На двадцать секунд работы, если ножом. Много. Надо быстрее. Пусть
стражники здесь службы не чтут -- все равно, за двадцать-то секунд любой
заметит неладное.
-- Вперед, хватит бездельничать! -- когда все мы оказались на запоре,
тон стражников неуловимо изменился. Вроде та же насмешливость, но теперь
она стала злее, раздраженнее. -- Пошли!
И мы двинулись к трапу.

Глава вторая, в которой все бегут, но немногие знают куда и зачем.
Ох, нелегкое дело -- ходить на канате! Жесткий он, смоленый, лежит на
плече как шест, не гнется. Чуть замешкаешься, чуть ускоришь шаг, или,
того хуже -- в сторону подашься, -- петля дергается, грозит затянуть
шею. Если кто упадет -- может и убиться.
Неуклюжей человеческой гроздью мы развернулись поперек палубы, Марк
первым ступил на сходни. Шел он почти что на цыпочках, чтобы хоть как-то
ослабить натянувшуюся петлю. Сестра-Покровительница, Искупитель -- не
дайте ему упасть! И сам пропадет, и мне конец...
Не зря нас на канате водят, ох не зря! Могли бы в колодки забить,
куда надежнее, так нет! Только веревка -- напоминанием о позорной казни.
Чтобы почувствовали себя униженными, будто уже готовыми в петле
болтаться. Чтобы поняли -- каторга не сахар. Если мне помять не
изменяет, нас еще мимо площади Кнута проведут, покажут, как упрямцев
наказывают. Давненько я не был на Печальных Островах, лет пятнадцать
прошло. Попал сюда чуть старше Марка, хорошо хоть по мелочи, и на
неполный год.
-- Шевелись! -- покрикивал стражник, что рядом со мной шел. На лицо
добродушный, пузатый, ему бы по базарам ходить, с торговок оброк
взимать. Ан нет, приставили к каторжникам, вот и пыжится, силу
почувствовал. Я голову опустил, шел старательно, в землю глядя. Стражник
поглядывал на меня, потом дальше вдоль ряда двинулся.
-- Зачем стал впереди? -- шепнул я Марку. Мальчишка, не оборачиваясь,
хоть на это ума хватило, ответил:
-- Я сам. Разрежу канат, и убежим.
-- Побрякушки себе отрежь! Ты смоляные тросы резал когда?
Марк покачал головой.
-- Его мечом с размаха не перерубишь! Лезвие завязнет!
Мальчишка сбился с шага. Провел ладонью по канату, обернулся. В
глазах теперь была растерянность, понял, значит. Потом коснулся
накинутой на шею петли. Стянуть-то ее нелегко, никто и не пытается,
удушишься, а вот ножом порезать -- запросто.
-- Только не вздумай поводок сечь, -- напомнил я то, что объяснял ему
вечером. -- Один далеко не уйдешь, надо чтобы все... сразу...
Конечно, иному дай нож поострее, да времени минут пять -- сможет
канат рассечь. Если сила немеряная, если Искупитель улыбнется, если
стражники глаза отведут.
Только не бывает такого, чтобы все сразу случилось -- и нож острый, и
умение великое, и сила дурная, и стражники подкупленные.
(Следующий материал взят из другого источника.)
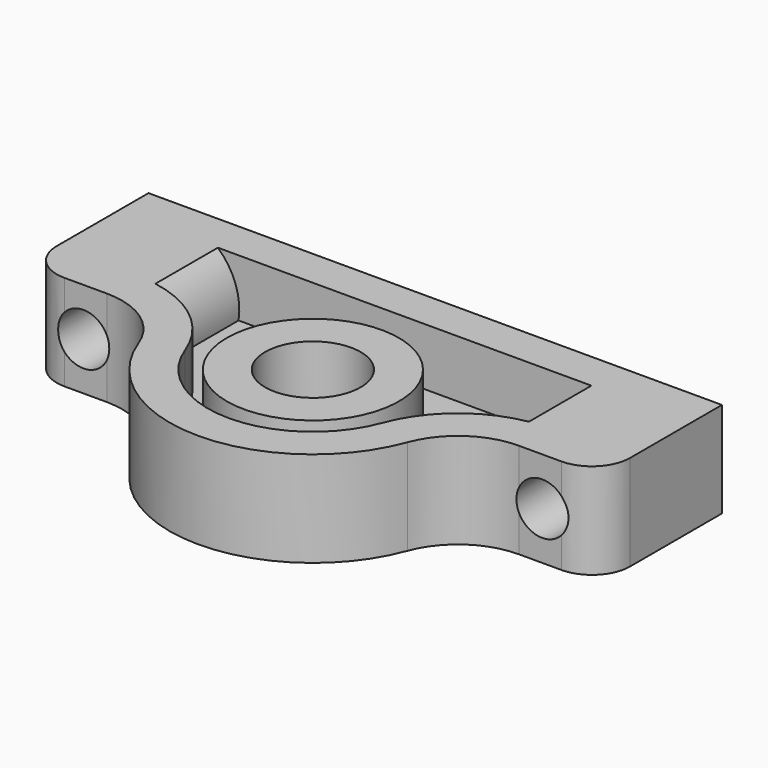
from build123d import *

# Parameters (mm, degrees)
F1_DEPTH    = 6.35
F2_R        = 5.08
F3_R        = 1.7145
F5_DEPTH    = 19.686
F6_T        = 2.54
F7_T1_DEPTH = 19.05


# Not quite as in the source:
# - a fillet or chamfer that OpenCascade refuses, or shapes differently, is made with other operations: its cross-section is extruded or revolved along the edge and cut away or added
# - a shell that OpenCascade refuses in one call is made with other operations: the cavity is built on its own and cut out
# - a feature names something its author has since deleted; it is built from what else it names


with BuildPart() as f1:
    # F0 (on Top) → F1 (new body)
    with BuildSketch(Plane.XY):
        with BuildLine():
            Line((9.525, 0), (3.175, 0))
            ThreePointArc((3.175, 0), (0, -3.175), (-3.175, 0))
            Line((-3.175, 0), (-9.525, 0))
            ThreePointArc((-9.525, 0), (0, -9.525), (9.525, 0))
        make_face()
        with BuildLine():
            ThreePointArc((-3.175, 0), (0, 3.175), (3.175, 0))
            Line((3.175, 0), (9.525, 0))
            ThreePointArc((9.525, 0), (0, 9.525), (-9.525, 0))
            Line((-9.525, 0), (-3.175, 0))
        make_face()
        with BuildLine():
            ThreePointArc((-9.525, 0), (0, 9.525), (9.525, 0))
            Line((9.525, 0), (19.05, 0))
            Line((19.05, 0), (19.05, 10.16))
            Line((19.05, 10.16), (-19.05, 10.16))
            Line((-19.05, 10.16), (-19.05, 0))
            Line((-19.05, 0), (-9.525, 0))
        make_face()
    extrude(amount=F1_DEPTH)

    # F2
    f2_edges = [f1.edges().sort_by_distance(p)[0] for p in [
        (9.525, 0, 3.175),
        (-9.525, 0, 3.175),
    ]]
    fillet(f2_edges, radius=F2_R)

    # F3 (on face) → F5 (cut, through all)
    with BuildSketch(Plane(origin=(0, 10.16, 0), x_dir=(-1, 0, 0), z_dir=(0, 1, 0))):
        with Locations((15.24, 3.175)):
            Circle(F3_R)
        with Locations((-15.24, 3.175)):
            Circle(F3_R)
    extrude(amount=-F5_DEPTH, mode=Mode.SUBTRACT)

    # F6: shell of thickness 2.54, made by hand


with BuildPart() as f6_core1:
    # F6_t2: copy of F1
    add(f1.part)

    # the walls: a layer under each face that stays
    f6_faces = [f6_core1.faces().sort_by_distance(p)[0] for p in [
        (0, -9.525, 3.175),
        (-12.7, 0.3175, 0),
        (-10.7921658217, -0.9097158891, 3.175),
        (10.7921658217, -0.9097158891, 3.175),
        (-18.1571750408, 0, 5.2916666667),
        (14.5858752038, 0, 5.2916666667),
        (-19.05, 5.08, 3.175),
        (19.05, 5.08, 3.175),
        (0, 10.16, 3.175),
        (3.175, 0, 3.175),
        (-13.5255, 5.0786180746, 3.175),
        (16.9545, 5.0786180746, 3.175),
    ]]
    thicken(f6_faces, amount=-F6_T, mode=Mode.SUBTRACT)


with BuildPart() as f1_1:
    add(f1.part)

    # what is left inside the walls is the cavity
    f6_cavity = [f6_core1.part.solids().sort_by_distance(p)[0] for p in [
        (-6.204007, 2.751667, 6.3246),
    ]]
    add(f6_cavity, mode=Mode.SUBTRACT)

    # F7: fillet of radius 2.54 on 2 edges, made by hand

    # F7_s2 → F7_t1 (cut)
    with BuildSketch(Plane.XY.offset(-6.35)):
        with BuildLine():
            ThreePointArc((-16.51, 0), (-18.3060512242, 0.7439487758), (-19.05, 2.54))
            Line((-19.05, 2.54), (-19.05, 0))
            Line((-19.05, 0), (-16.51, 0))
        make_face()
        with BuildLine():
            ThreePointArc((16.51, 0), (18.3060512242, 0.7439487758), (19.05, 2.54))
            Line((19.05, 2.54), (19.05, 0))
            Line((19.05, 0), (16.51, 0))
        make_face()
    extrude(amount=F7_T1_DEPTH, mode=Mode.SUBTRACT)


solid = f1_1.part

-- Я открою... замок открою...
Мимо нас прошел другой стражник. Глянул подозрительно, но спросил
спокойно:
-- Что разболтались, тля рудничная?
-- Страшно пацану, успокаиваю, -- сказал я.
На миг в глазах стражника появилось сочувствие. Не мне, конечно, а
мальчику.
-- А нечего разбойничать... -- самого себя одергивая, изрек он. --
Закон -- он для всех писан. Хватит болтать!
Но следить не стал, пошел вперед, где по улице толпа скопилась.
Арбалетом помахал -- расходитесь, мол... Толпа, конечно, только на метр
и сдвинулась. Не боялась его толпа, стражнику тут еще жить, вечерами по
улицам ходить. Своего развлечения островитяне не упустят.
-- Душегубцы! -- тоненько взвизгнула в толпе девчонка. Знаю я таких,
истеричек с горящими глазами, сама, небось, каждый год в чреве плод
травит, потому и других обвинить всегда готова. -- Убийцы! Насильники!
Чтоб ваши руки-ноги отсохли! Чтоб у вас...
Это ничего. Эта толпа мирная была. Даже девица -- покричала,
покричала, да и пошла по своим делам, корзинкой плетеной покачивая.